Try just shallow frying in olive oil. Brings up the good cholesteral, lowers bad cholesteral, last time my doctor ran a test she freaked, (in a good way) at the levels...
It's not that a sea monkey filet is thick, so just quick fry on one side, flip and done. 
I understand that doesn't answer you original question, but if the healthyness is the concern, olive oil is the way to go. Grill in some tin foil with olive oil, bit of salt and peepr, boom!, done, if heat in the house in the summer is the concern.
Not to big on covering up the flavor of fish, might as well go to Capn' D's if fish flavor is the concern.
Catch a pile Neil?


----------



## wdbrand (May 24, 2007)

dirty, I've been saying it for years. Nothing beats the natural taste of fresh caught fish. Natural being fried.
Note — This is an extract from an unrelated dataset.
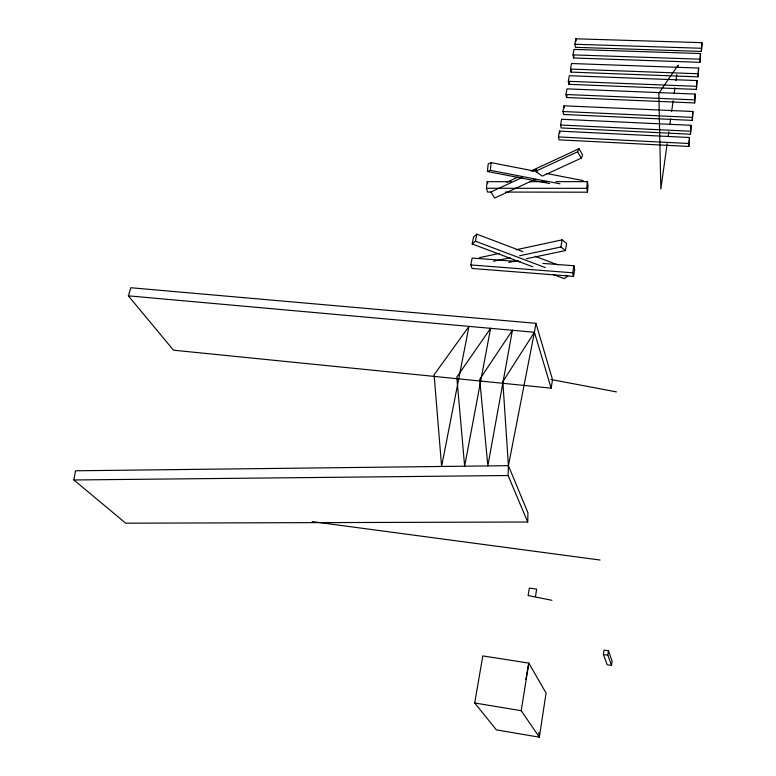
<?xml version="1.0" encoding="UTF-8"?>
<svg xmlns="http://www.w3.org/2000/svg" width="776" height="776" viewBox="0 0 776 776"><rect width="100%" height="100%" fill="white"/><g stroke="black" fill="none" stroke-linecap="round" stroke-linejoin="round"><path stroke-width="1.16" d="M128.36 295.84L534.402 332.254L508.416 465.678L75.505 470.79L73.875 479.975L125.731 523.189L527.709 522.005L527.952 512.829L508.416 465.678L502.838 381.676L534.402 332.254L535.954 323.33L130.863 287.741L128.36 295.84L173.475 350.189L551.144 388.155L552.531 379.784L535.954 323.33M527.709 522.005L508.096 475.523L508.416 465.678M505.622 192.07L587.5 192.196L586.772 188.335L587.335 181.652L555.965 181.662M587.5 192.196L588.053 185.532L587.335 181.652M549.66 183.514L487.357 171.486L488.22 163.843L491.189 162.64L537.186 171.632M487.357 171.486L490.325 170.322L491.189 162.64M491.179 192.05L487.561 192.05L486.406 188.258L487.192 181.691L511.326 181.681M688.875 146.441L689.476 137.507L559.496 131.115L558.468 136.925L559.079 139.835L688.875 146.441L689.476 137.507M690.485 134.219L691.086 125.305L561.601 119.252L560.582 125.014L561.174 127.943L690.485 134.219L691.086 125.305M692.308 120.377L692.9 111.492L563.987 105.808L562.969 111.521L563.56 114.479L692.308 120.377L692.9 111.492M694.607 102.927L695.199 94.08L566.984 88.862L565.985 94.507L566.558 97.504L694.607 102.927L695.199 94.08M696.382 89.395L696.984 80.568L569.322 75.709L568.323 81.305L568.886 84.332L696.382 89.395L696.984 80.568M698.041 76.853L698.633 68.055L571.476 63.525L570.496 69.064L571.049 72.119L698.041 76.853L698.633 68.055M699.952 62.322L700.544 53.544L573.978 49.392L573.008 54.883L573.551 57.967L699.952 62.322L700.544 53.544M701.388 51.42L701.979 42.67L575.86 38.8L574.9 44.242L575.433 47.346L701.388 51.42L701.979 42.67M611.507 665.401L612.089 661.074L608.442 650.773L603.98 650.094L603.379 654.517L607.162 664.731L611.507 665.401L607.841 655.196L608.442 650.773M667.156 143.744L660.851 189.004L658.843 93.266L678.108 65.136L677.768 67.512M668.146 136.595L668.815 131.833M669.804 124.684L670.639 118.728M671.638 111.589L673.122 100.87M674.121 93.721L674.955 87.766M675.944 80.617L676.779 74.661M538.806 732.505L539.349 737.2L521.239 710.7L528.795 663.092L482.808 655.914L474.699 702.978L496.359 729.867L539.349 737.2L546.071 693.046L528.795 663.092L525.866 679.407M535.479 596.608L536.672 589.13L529.329 588.092L528.116 595.551L551.92 600.304M520.027 261.667L472.157 258.049L470.79 264.936L472.05 268.477L573.542 276.382L574.686 269.35L573.891 265.751L542.773 263.394M573.542 276.382L572.727 272.803L573.891 265.751M526.448 258.718L565.423 250.57L566.616 243.451L562.105 239.862L516.098 249.775M565.423 250.57L560.893 247.001L562.105 239.862M566.558 97.504L566.955 95.254M568.886 84.332L569.283 82.101M571.049 72.119L571.437 69.908M573.551 57.967L573.939 55.775M532.773 266.808L472.186 243.965L475.445 241.2L476.842 234.177L522.908 251.657M472.186 243.965L473.583 236.961L476.842 234.177M532.491 171.166L536.517 169.294L535.508 171.321L542.278 176.084L581.273 158.129L582.64 155.016L578.993 148.72L530.9 171.059M535.508 171.321L577.596 151.805L578.993 148.72M506.854 182.234L517.786 177.161M522.015 177.578L490.917 191.992L494.593 198.045L535.207 179.343M479.519 257.651L499.579 253.335M493.546 261.24L510.084 257.748M519.542 255.75L560.893 247.001M508.736 262.414L518.184 260.445M73.875 479.975L508.096 475.523M529.416 181.671L547.517 181.671M486.406 188.258L586.772 188.335M574.9 44.242L701.242 48.258M573.008 54.883L699.807 59.18M570.496 69.064L697.886 73.739M568.323 81.305L696.227 86.311M565.985 94.507L694.433 99.871M562.969 111.521L692.134 117.36M560.582 125.014L690.3 131.231M558.468 136.925L688.681 143.482M470.79 264.936L572.727 272.803M312.224 521.598L600.081 560.029M603.379 654.517L607.841 655.196M474.699 702.978L521.239 710.7M551.076 379.512L616.454 391.899M490.325 170.322L559.962 183.805M546.614 173.475L583.183 180.624M552.968 274.423L564.191 278.652L567.819 276.11L565.558 275.257M475.445 241.2L545.285 267.594M535.265 256.342L557.74 264.868M577.596 151.805L581.273 158.129M487.192 181.691L487.764 183.602M534.402 332.254L551.144 388.155M559.496 131.115L559.903 133.065M563.987 105.808L564.375 107.796M575.86 38.8L576.209 40.876M512.403 330.285L487.842 465.92L479.714 379.357L512.403 330.285M490.597 328.326L464.64 466.192L456.802 377.058L490.597 328.326M468.976 326.386L441.602 466.463L434.104 374.789L468.976 326.386"/></g></svg>

If you don't like the taste of fish, then why try to make up a chef Tell recipe and try to make it taste like something else, mainly a spice rack.


----------



## Finger_Mullet (Aug 19, 2005)

I broil a lot of fish. I generally fry whiting but I guarantee it will be good cooked like this:

Brush fillets with olive oil. Sprinkle on a little Old Bay or seasoning of your choice. Put in baking pan. Boil until almost done. Put a little honey on the fillets and put back in the oven and cook until done. Take out and enjoy. 

Darin


----------



## surfmom (Nov 3, 2012)

melted butter a good dry rub with a little added cayenne a little lemon, cook on grill crisp up skin and eat including tail...yum! (just did this tonight)


----------